Launching from the CLI

forgather tb --enqueue [--port 6006] [--priority N] [--server URL]

This enqueues a TensorBoard job through the same scheduler as the webui modal -- the resulting job shows up in the Jobs view and is controlled the same way. The full server CLI surface is documented in tools/forgather_server/README.md and guides/server-cli.md.

The forgather tb wrapper picks sensible defaults; for arbitrary TB flags, run the stock tensorboard CLI directly outside the scheduler.

Jobs view

A queued TensorBoard job appears on the Queue / Jobs tabs with a label like tensorboard:6006. Once started, the job card surfaces:

  • A clickable URL that opens the TB UI through the auth-gated reverse proxy.
  • A TTY tab streaming the tensorboard process output.
  • A Kill action.

TensorBoard is long-lived: it does not exit on its own. Kill the job from the Jobs view (or forgather job kill <id>) when you're done.

Bind and proxy

Default bind is loopback (127.0.0.1). Browser access goes through the forgather server's auth-gated reverse proxy at:

/api/tb/<queue_id>/

The proxy strips the prefix on inbound requests; the server passes --path_prefix /api/tb/<queue_id> to TB so that its internally generated links and asset URLs resolve correctly under the proxy mount. This is why the URL on the job card includes /api/tb/<queue_id>/ rather than pointing at the raw TB port. The webui handles this plumbing automatically -- you should not normally need to set --path_prefix yourself.

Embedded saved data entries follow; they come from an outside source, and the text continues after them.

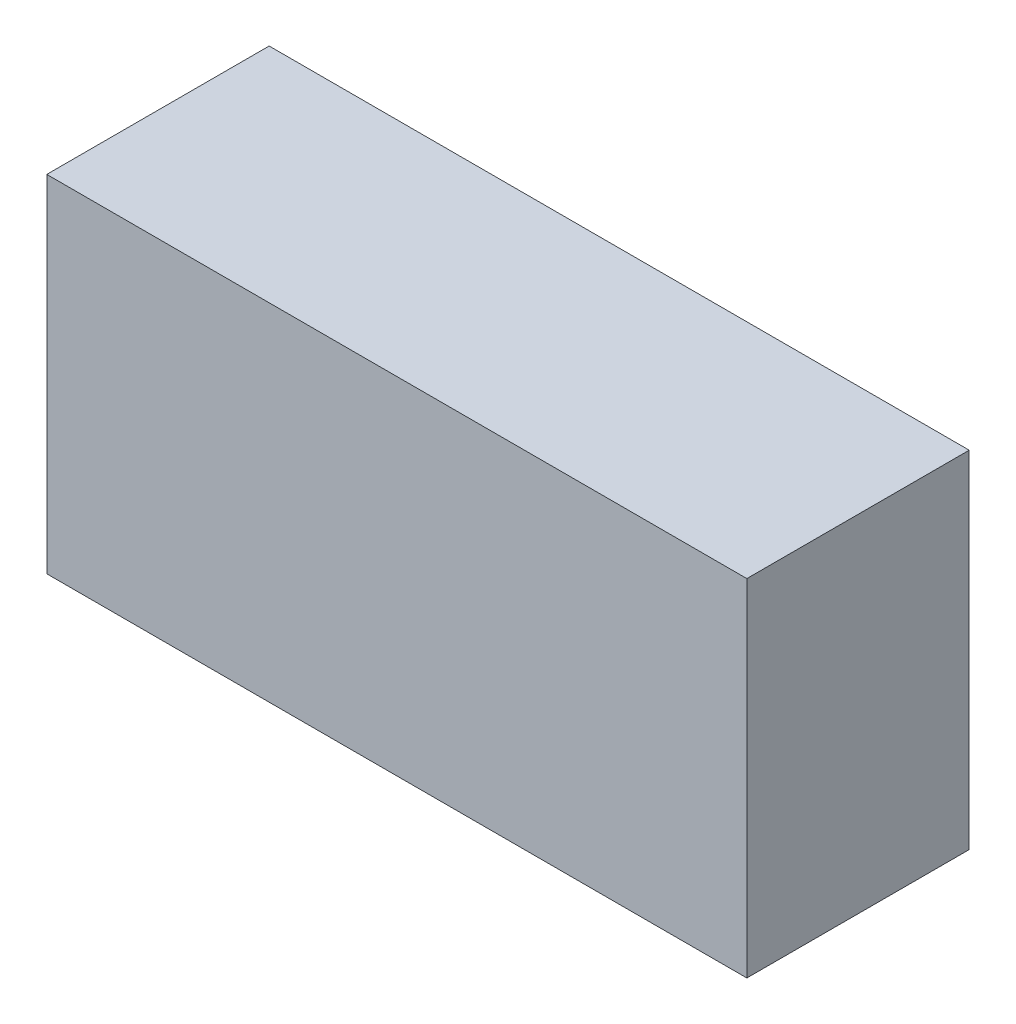
ISO-10303-21;
HEADER;
FILE_DESCRIPTION(('STEP AP214'),'2;1');
FILE_NAME('part.step','',(''),(''),'','','');
FILE_SCHEMA(('AUTOMOTIVE_DESIGN { 1 0 10303 214 1 1 1 1 }'));
ENDSEC;
DATA;
#1=APPLICATION_CONTEXT('core data for automotive mechanical design processes');
#2=APPLICATION_PROTOCOL_DEFINITION('international standard','automotive_design',2000,#1);
#3=PRODUCT_CONTEXT('',#1,'mechanical');
#4=PRODUCT('Part','Part','',(#3));
#5=PRODUCT_RELATED_PRODUCT_CATEGORY('part','',(#4));
#6=PRODUCT_DEFINITION_FORMATION('','',#4);
#7=PRODUCT_DEFINITION_CONTEXT('part definition',#1,'design');
#8=PRODUCT_DEFINITION('design','',#6,#7);
#9=PRODUCT_DEFINITION_SHAPE('','',#8);
#10=(LENGTH_UNIT() NAMED_UNIT(*) SI_UNIT(.MILLI.,.METRE.));
#11=(NAMED_UNIT(*) PLANE_ANGLE_UNIT() SI_UNIT($,.RADIAN.));
#12=(NAMED_UNIT(*) SI_UNIT($,.STERADIAN.) SOLID_ANGLE_UNIT());
#13=UNCERTAINTY_MEASURE_WITH_UNIT(LENGTH_MEASURE(1.E-05),#10,'distance_accuracy_value','');
#14=(GEOMETRIC_REPRESENTATION_CONTEXT(3) GLOBAL_UNCERTAINTY_ASSIGNED_CONTEXT((#13)) GLOBAL_UNIT_ASSIGNED_CONTEXT((#10,
#11,#12)) REPRESENTATION_CONTEXT('',''));
#15=CARTESIAN_POINT('',(0.,0.,0.));
#16=DIRECTION('',(0.,0.,1.));
#17=DIRECTION('',(1.,0.,0.));
#18=AXIS2_PLACEMENT_3D('',#15,#16,#17);
#19=CARTESIAN_POINT('',(0.,0.,27.));
#20=DIRECTION('',(1.,0.,0.));
#21=DIRECTION('',(0.,1.,0.));
#22=AXIS2_PLACEMENT_3D('',#19,#20,#21);
#23=PLANE('',#22);
#24=DIRECTION('',(0.,-1.,0.));
#25=VECTOR('',#24,1.);
#26=CARTESIAN_POINT('',(0.,0.,0.));
#27=LINE('',#26,#25);
#28=CARTESIAN_POINT('',(0.,0.,0.));
#29=VERTEX_POINT('',#28);
#30=CARTESIAN_POINT('',(0.,-42.,0.));
#31=VERTEX_POINT('',#30);
#32=EDGE_CURVE('E107',#29,#31,#27,.T.);
#33=ORIENTED_EDGE('',*,*,#32,.T.);
#34=DIRECTION('',(0.,0.,-1.));
#35=VECTOR('',#34,1.);
#36=CARTESIAN_POINT('',(0.,-42.,27.));
#37=LINE('',#36,#35);
#38=CARTESIAN_POINT('',(0.,-42.,27.));
#39=VERTEX_POINT('',#38);
#40=EDGE_CURVE('E11',#39,#31,#37,.T.);
#41=ORIENTED_EDGE('',*,*,#40,.F.);
#42=DIRECTION('',(0.,-1.,0.));
#43=VECTOR('',#42,1.);
#44=CARTESIAN_POINT('',(0.,0.,27.));
#45=LINE('',#44,#43);
#46=CARTESIAN_POINT('',(0.,0.,27.));
#47=VERTEX_POINT('',#46);
#48=EDGE_CURVE('E91',#47,#39,#45,.T.);
#49=ORIENTED_EDGE('',*,*,#48,.F.);
#50=DIRECTION('',(0.,0.,-1.));
#51=VECTOR('',#50,1.);
#52=CARTESIAN_POINT('',(0.,0.,27.));
#53=LINE('',#52,#51);
#54=EDGE_CURVE('E103',#47,#29,#53,.T.);
#55=ORIENTED_EDGE('',*,*,#54,.T.);
#56=EDGE_LOOP('',(#33,#41,#49,#55));
#57=FACE_BOUND('',#56,.T.);
#58=ADVANCED_FACE('F39',(#57),#23,.F.);
#59=CARTESIAN_POINT('',(0.,-42.,27.));
#60=DIRECTION('',(0.,1.,0.));
#61=DIRECTION('',(0.,0.,1.));
#62=AXIS2_PLACEMENT_3D('',#59,#60,#61);
#63=PLANE('',#62);
#64=DIRECTION('',(1.,0.,0.));
#65=VECTOR('',#64,1.);
#66=CARTESIAN_POINT('',(0.,-42.,0.));
#67=LINE('',#66,#65);
#68=CARTESIAN_POINT('',(85.,-42.,0.));
#69=VERTEX_POINT('',#68);
#70=EDGE_CURVE('E96',#31,#69,#67,.T.);
#71=ORIENTED_EDGE('',*,*,#70,.T.);
#72=DIRECTION('',(0.,0.,-1.));
#73=VECTOR('',#72,1.);
#74=CARTESIAN_POINT('',(85.,-42.,27.));
#75=LINE('',#74,#73);
#76=CARTESIAN_POINT('',(85.,-42.,27.));
#77=VERTEX_POINT('',#76);
#78=EDGE_CURVE('E48',#77,#69,#75,.T.);
#79=ORIENTED_EDGE('',*,*,#78,.F.);
#80=DIRECTION('',(1.,0.,0.));
#81=VECTOR('',#80,1.);
#82=CARTESIAN_POINT('',(0.,-42.,27.));
#83=LINE('',#82,#81);
#84=EDGE_CURVE('E86',#39,#77,#83,.T.);
#85=ORIENTED_EDGE('',*,*,#84,.F.);
#86=ORIENTED_EDGE('',*,*,#40,.T.);
#87=EDGE_LOOP('',(#71,#79,#85,#86));
#88=FACE_BOUND('',#87,.T.);
#89=ADVANCED_FACE('F95',(#88),#63,.F.);
#90=CARTESIAN_POINT('',(85.,0.,27.));
#91=DIRECTION('',(-1.,0.,0.));
#92=DIRECTION('',(0.,0.,1.));
#93=AXIS2_PLACEMENT_3D('',#90,#91,#92);
#94=PLANE('',#93);
#95=DIRECTION('',(0.,1.,0.));
#96=VECTOR('',#95,1.);
#97=CARTESIAN_POINT('',(85.,0.,0.));
#98=LINE('',#97,#96);
#99=CARTESIAN_POINT('',(85.,0.,0.));
#100=VERTEX_POINT('',#99);
#101=EDGE_CURVE('E73',#69,#100,#98,.T.);
#102=ORIENTED_EDGE('',*,*,#101,.T.);
#103=DIRECTION('',(0.,0.,-1.));
#104=VECTOR('',#103,1.);
#105=CARTESIAN_POINT('',(85.,0.,27.));
#106=LINE('',#105,#104);
#107=CARTESIAN_POINT('',(85.,0.,27.));
#108=VERTEX_POINT('',#107);
#109=EDGE_CURVE('E98',#108,#100,#106,.T.);
#110=ORIENTED_EDGE('',*,*,#109,.F.);
#111=DIRECTION('',(0.,1.,0.));
#112=VECTOR('',#111,1.);
#113=CARTESIAN_POINT('',(85.,0.,27.));
#114=LINE('',#113,#112);
#115=EDGE_CURVE('E89',#77,#108,#114,.T.);
#116=ORIENTED_EDGE('',*,*,#115,.F.);
#117=ORIENTED_EDGE('',*,*,#78,.T.);
#118=EDGE_LOOP('',(#102,#110,#116,#117));
#119=FACE_BOUND('',#118,.T.);
#120=ADVANCED_FACE('F99',(#119),#94,.F.);
#121=CARTESIAN_POINT('',(0.,0.,27.));
#122=DIRECTION('',(0.,-1.,0.));
#123=DIRECTION('',(0.,0.,-1.));
#124=AXIS2_PLACEMENT_3D('',#121,#122,#123);
#125=PLANE('',#124);
#126=DIRECTION('',(-1.,0.,0.));
#127=VECTOR('',#126,1.);
#128=CARTESIAN_POINT('',(0.,0.,0.));
#129=LINE('',#128,#127);
#130=EDGE_CURVE('E79',#100,#29,#129,.T.);
#131=ORIENTED_EDGE('',*,*,#130,.T.);
#132=ORIENTED_EDGE('',*,*,#54,.F.);
#133=DIRECTION('',(-1.,0.,0.));
#134=VECTOR('',#133,1.);
#135=CARTESIAN_POINT('',(0.,0.,27.));
#136=LINE('',#135,#134);
#137=EDGE_CURVE('E56',#108,#47,#136,.T.);
#138=ORIENTED_EDGE('',*,*,#137,.F.);
#139=ORIENTED_EDGE('',*,*,#109,.T.);
#140=EDGE_LOOP('',(#131,#132,#138,#139));
#141=FACE_BOUND('',#140,.T.);
#142=ADVANCED_FACE('F120',(#141),#125,.F.);
#143=CARTESIAN_POINT('',(0.,0.,27.));
#144=DIRECTION('',(0.,0.,1.));
#145=DIRECTION('',(1.,0.,0.));
#146=AXIS2_PLACEMENT_3D('',#143,#144,#145);
#147=PLANE('',#146);
#148=ORIENTED_EDGE('',*,*,#48,.T.);
#149=ORIENTED_EDGE('',*,*,#84,.T.);
#150=ORIENTED_EDGE('',*,*,#115,.T.);
#151=ORIENTED_EDGE('',*,*,#137,.T.);
#152=EDGE_LOOP('',(#148,#149,#150,#151));
#153=FACE_BOUND('',#152,.T.);
#154=ADVANCED_FACE('F87',(#153),#147,.T.);
#155=CARTESIAN_POINT('',(0.,0.,0.));
#156=DIRECTION('',(0.,0.,1.));
#157=DIRECTION('',(1.,0.,0.));
#158=AXIS2_PLACEMENT_3D('',#155,#156,#157);
#159=PLANE('',#158);
#160=ORIENTED_EDGE('',*,*,#32,.F.);
#161=ORIENTED_EDGE('',*,*,#130,.F.);
#162=ORIENTED_EDGE('',*,*,#101,.F.);
#163=ORIENTED_EDGE('',*,*,#70,.F.);
#164=EDGE_LOOP('',(#160,#161,#162,#163));
#165=FACE_BOUND('',#164,.T.);
#166=ADVANCED_FACE('F123',(#165),#159,.F.);
#167=CLOSED_SHELL('',(#58,#89,#120,#142,#154,#166));
#168=MANIFOLD_SOLID_BREP('B2',#167);
#169=ADVANCED_BREP_SHAPE_REPRESENTATION('',(#18,#168),#14);
#170=SHAPE_DEFINITION_REPRESENTATION(#9,#169);
ENDSEC;
END-ISO-10303-21;
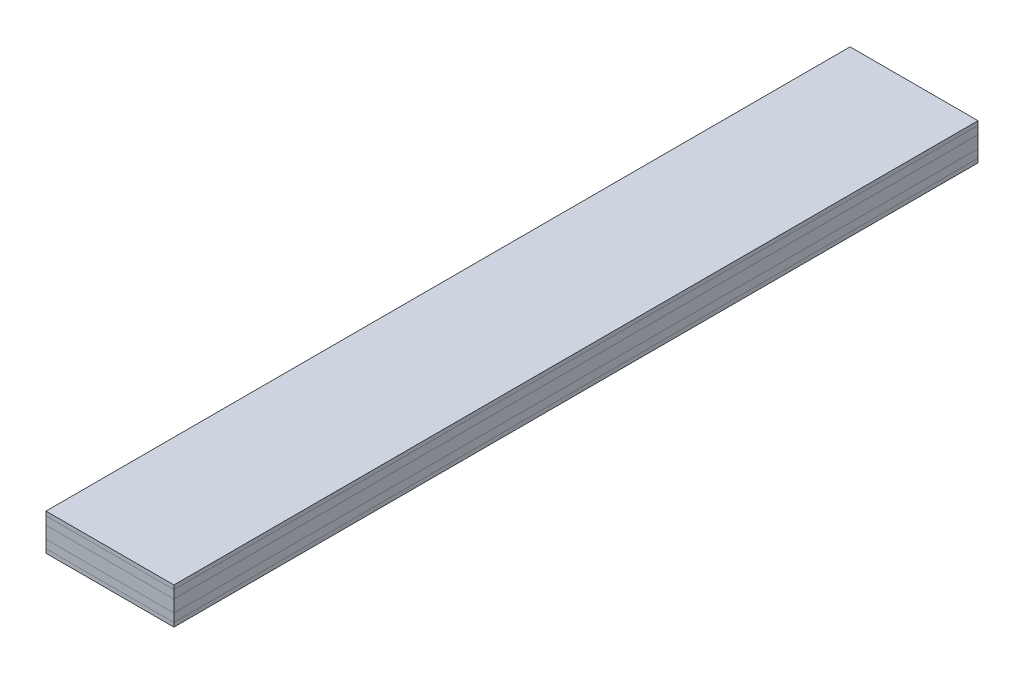
ISO-10303-21;
HEADER;
FILE_DESCRIPTION(('STEP AP214'),'2;1');
FILE_NAME('part.step','',(''),(''),'','','');
FILE_SCHEMA(('AUTOMOTIVE_DESIGN { 1 0 10303 214 1 1 1 1 }'));
ENDSEC;
DATA;
#1=APPLICATION_CONTEXT('core data for automotive mechanical design processes');
#2=APPLICATION_PROTOCOL_DEFINITION('international standard','automotive_design',2000,#1);
#3=PRODUCT_CONTEXT('',#1,'mechanical');
#4=PRODUCT('Part','Part','',(#3));
#5=PRODUCT_RELATED_PRODUCT_CATEGORY('part','',(#4));
#6=PRODUCT_DEFINITION_FORMATION('','',#4);
#7=PRODUCT_DEFINITION_CONTEXT('part definition',#1,'design');
#8=PRODUCT_DEFINITION('design','',#6,#7);
#9=PRODUCT_DEFINITION_SHAPE('','',#8);
#10=(LENGTH_UNIT() NAMED_UNIT(*) SI_UNIT(.MILLI.,.METRE.));
#11=(NAMED_UNIT(*) PLANE_ANGLE_UNIT() SI_UNIT($,.RADIAN.));
#12=(NAMED_UNIT(*) SI_UNIT($,.STERADIAN.) SOLID_ANGLE_UNIT());
#13=UNCERTAINTY_MEASURE_WITH_UNIT(LENGTH_MEASURE(1.E-05),#10,'distance_accuracy_value','');
#14=(GEOMETRIC_REPRESENTATION_CONTEXT(3) GLOBAL_UNCERTAINTY_ASSIGNED_CONTEXT((#13)) GLOBAL_UNIT_ASSIGNED_CONTEXT((#10,
#11,#12)) REPRESENTATION_CONTEXT('',''));
#15=CARTESIAN_POINT('',(0.,0.,0.));
#16=DIRECTION('',(0.,0.,1.));
#17=DIRECTION('',(1.,0.,0.));
#18=AXIS2_PLACEMENT_3D('',#15,#16,#17);
#19=CARTESIAN_POINT('',(-335.28,-2.82222222222222,-609.61));
#20=DIRECTION('',(0.,-1.,0.));
#21=DIRECTION('',(1.,0.,0.));
#22=AXIS2_PLACEMENT_3D('',#19,#20,#21);
#23=PLANE('',#22);
#24=DIRECTION('',(0.,0.,1.));
#25=VECTOR('',#24,1.);
#26=CARTESIAN_POINT('',(215.9,-2.82222222222212,-609.61));
#27=LINE('',#26,#25);
#28=CARTESIAN_POINT('',(215.9,-2.82222222222212,50.8000000000001));
#29=VERTEX_POINT('',#28);
#30=CARTESIAN_POINT('',(215.9,-2.82222222222212,609.6));
#31=VERTEX_POINT('',#30);
#32=EDGE_CURVE('E62',#29,#31,#27,.T.);
#33=ORIENTED_EDGE('',*,*,#32,.F.);
#34=DIRECTION('',(-1.,0.,0.));
#35=VECTOR('',#34,1.);
#36=CARTESIAN_POINT('',(-335.28,-2.82222222222222,50.8000000000001));
#37=LINE('',#36,#35);
#38=CARTESIAN_POINT('',(304.8,-2.82222222222217,50.8000000000001));
#39=VERTEX_POINT('',#38);
#40=EDGE_CURVE('E95',#39,#29,#37,.T.);
#41=ORIENTED_EDGE('',*,*,#40,.F.);
#42=DIRECTION('',(0.,0.,-1.));
#43=VECTOR('',#42,1.);
#44=CARTESIAN_POINT('',(304.8,-2.8222222222221,-609.6));
#45=LINE('',#44,#43);
#46=CARTESIAN_POINT('',(304.8,-2.82222222222217,609.6));
#47=VERTEX_POINT('',#46);
#48=EDGE_CURVE('E107',#47,#39,#45,.T.);
#49=ORIENTED_EDGE('',*,*,#48,.F.);
#50=DIRECTION('',(1.,0.,0.));
#51=VECTOR('',#50,1.);
#52=CARTESIAN_POINT('',(-304.8,-2.82222222222222,609.6));
#53=LINE('',#52,#51);
#54=EDGE_CURVE('E111',#31,#47,#53,.T.);
#55=ORIENTED_EDGE('',*,*,#54,.F.);
#56=EDGE_LOOP('',(#33,#41,#49,#55));
#57=FACE_BOUND('',#56,.T.);
#58=ADVANCED_FACE('F47',(#57),#23,.T.);
#59=CARTESIAN_POINT('',(0.,0.,0.));
#60=DIRECTION('',(0.,1.,0.));
#61=DIRECTION('',(0.,0.,1.));
#62=AXIS2_PLACEMENT_3D('',#59,#60,#61);
#63=PLANE('',#62);
#64=DIRECTION('',(0.,0.,-1.));
#65=VECTOR('',#64,1.);
#66=CARTESIAN_POINT('',(215.9,0.,0.));
#67=LINE('',#66,#65);
#68=CARTESIAN_POINT('',(215.9,0.,609.6));
#69=VERTEX_POINT('',#68);
#70=CARTESIAN_POINT('',(215.9,0.,50.8000000000001));
#71=VERTEX_POINT('',#70);
#72=EDGE_CURVE('E97',#69,#71,#67,.T.);
#73=ORIENTED_EDGE('',*,*,#72,.F.);
#74=DIRECTION('',(1.,0.,0.));
#75=VECTOR('',#74,1.);
#76=CARTESIAN_POINT('',(-304.8,0.,609.6));
#77=LINE('',#76,#75);
#78=CARTESIAN_POINT('',(304.8,0.,609.6));
#79=VERTEX_POINT('',#78);
#80=EDGE_CURVE('E70',#69,#79,#77,.T.);
#81=ORIENTED_EDGE('',*,*,#80,.T.);
#82=DIRECTION('',(0.,0.,-1.));
#83=VECTOR('',#82,1.);
#84=CARTESIAN_POINT('',(304.8,0.,-609.6));
#85=LINE('',#84,#83);
#86=CARTESIAN_POINT('',(304.8,0.,50.8000000000001));
#87=VERTEX_POINT('',#86);
#88=EDGE_CURVE('E102',#79,#87,#85,.T.);
#89=ORIENTED_EDGE('',*,*,#88,.T.);
#90=DIRECTION('',(1.,0.,0.));
#91=VECTOR('',#90,1.);
#92=CARTESIAN_POINT('',(0.,0.,50.8000000000001));
#93=LINE('',#92,#91);
#94=EDGE_CURVE('E92',#71,#87,#93,.T.);
#95=ORIENTED_EDGE('',*,*,#94,.F.);
#96=EDGE_LOOP('',(#73,#81,#89,#95));
#97=FACE_BOUND('',#96,.T.);
#98=ADVANCED_FACE('F100',(#97),#63,.T.);
#99=CARTESIAN_POINT('',(304.8,-25.4,-609.6));
#100=DIRECTION('',(1.,0.,0.));
#101=DIRECTION('',(0.,0.,-1.));
#102=AXIS2_PLACEMENT_3D('',#99,#100,#101);
#103=PLANE('',#102);
#104=DIRECTION('',(0.,-1.,0.));
#105=VECTOR('',#104,1.);
#106=CARTESIAN_POINT('',(304.8,-25.4,50.8));
#107=LINE('',#106,#105);
#108=EDGE_CURVE('E12',#87,#39,#107,.T.);
#109=ORIENTED_EDGE('',*,*,#108,.F.);
#110=ORIENTED_EDGE('',*,*,#88,.F.);
#111=DIRECTION('',(0.,1.,0.));
#112=VECTOR('',#111,1.);
#113=CARTESIAN_POINT('',(304.8,-25.4,609.6));
#114=LINE('',#113,#112);
#115=EDGE_CURVE('E109',#47,#79,#114,.T.);
#116=ORIENTED_EDGE('',*,*,#115,.F.);
#117=ORIENTED_EDGE('',*,*,#48,.T.);
#118=EDGE_LOOP('',(#109,#110,#116,#117));
#119=FACE_BOUND('',#118,.T.);
#120=ADVANCED_FACE('F120',(#119),#103,.T.);
#121=CARTESIAN_POINT('',(-304.8,-25.4,609.6));
#122=DIRECTION('',(0.,0.,1.));
#123=DIRECTION('',(1.,0.,0.));
#124=AXIS2_PLACEMENT_3D('',#121,#122,#123);
#125=PLANE('',#124);
#126=DIRECTION('',(0.,1.,0.));
#127=VECTOR('',#126,1.);
#128=CARTESIAN_POINT('',(215.9,-25.4,609.6));
#129=LINE('',#128,#127);
#130=EDGE_CURVE('E55',#31,#69,#129,.T.);
#131=ORIENTED_EDGE('',*,*,#130,.F.);
#132=ORIENTED_EDGE('',*,*,#54,.T.);
#133=ORIENTED_EDGE('',*,*,#115,.T.);
#134=ORIENTED_EDGE('',*,*,#80,.F.);
#135=EDGE_LOOP('',(#131,#132,#133,#134));
#136=FACE_BOUND('',#135,.T.);
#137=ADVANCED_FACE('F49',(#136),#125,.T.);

Enabling --bind_all in the modal makes TB listen on every interface on the chosen port. This bypasses the proxy gate -- anyone who can reach that port on the host can read your training metrics. Use it only on trusted networks (or, more typically, leave it off and rely on the proxy + the webui's login).

WebSockets are not proxied, so the realtime profile plugin is unavailable through /api/tb/<queue_id>/. Set --bind_all and connect directly to the upstream port if you need it.

If both --bind_all and a host override are passed, --bind_all wins (matching the tensorboard CLI's own precedence).

Common gotchas

  • Port collisions. Each concurrent TB instance needs a distinct port on the host. SSH port-forwards keyed to 6006 are common, so the modal sticks with that default rather than rotating it -- pick a fresh port per submit if you already have one running.
  • No GPUs are reserved. TensorBoard is CPU-only; the scheduler enqueues it with requested_gpus=0. It will not block training jobs on the GPU pool.
  • Event files appear late. The trainer flushes events periodically; immediately after forgather train starts, the logdir may be empty for a few seconds.
  • Stale logdir. TB caches its event-file scan; if you add new run directories under the same logdir while TB is running, set a smaller reload interval or restart the job.

See also

  • Log Analysis -- the Forgather-native forgather logs summary / forgather logs plot CLI works against trainer_logs.json and complements TB for quick offline plots and cross-run summaries.
  • Forgather Server -- auth model behind the /api/tb/ proxy and the rest of the webui.
  • Server CLI -- workflow walkthrough for forgather tb --enqueue, forgather job, forgather sched, and friends.
  • MkDocs -- the other long-lived viewer spawned from the Services menu; same lifecycle and auth-gating model.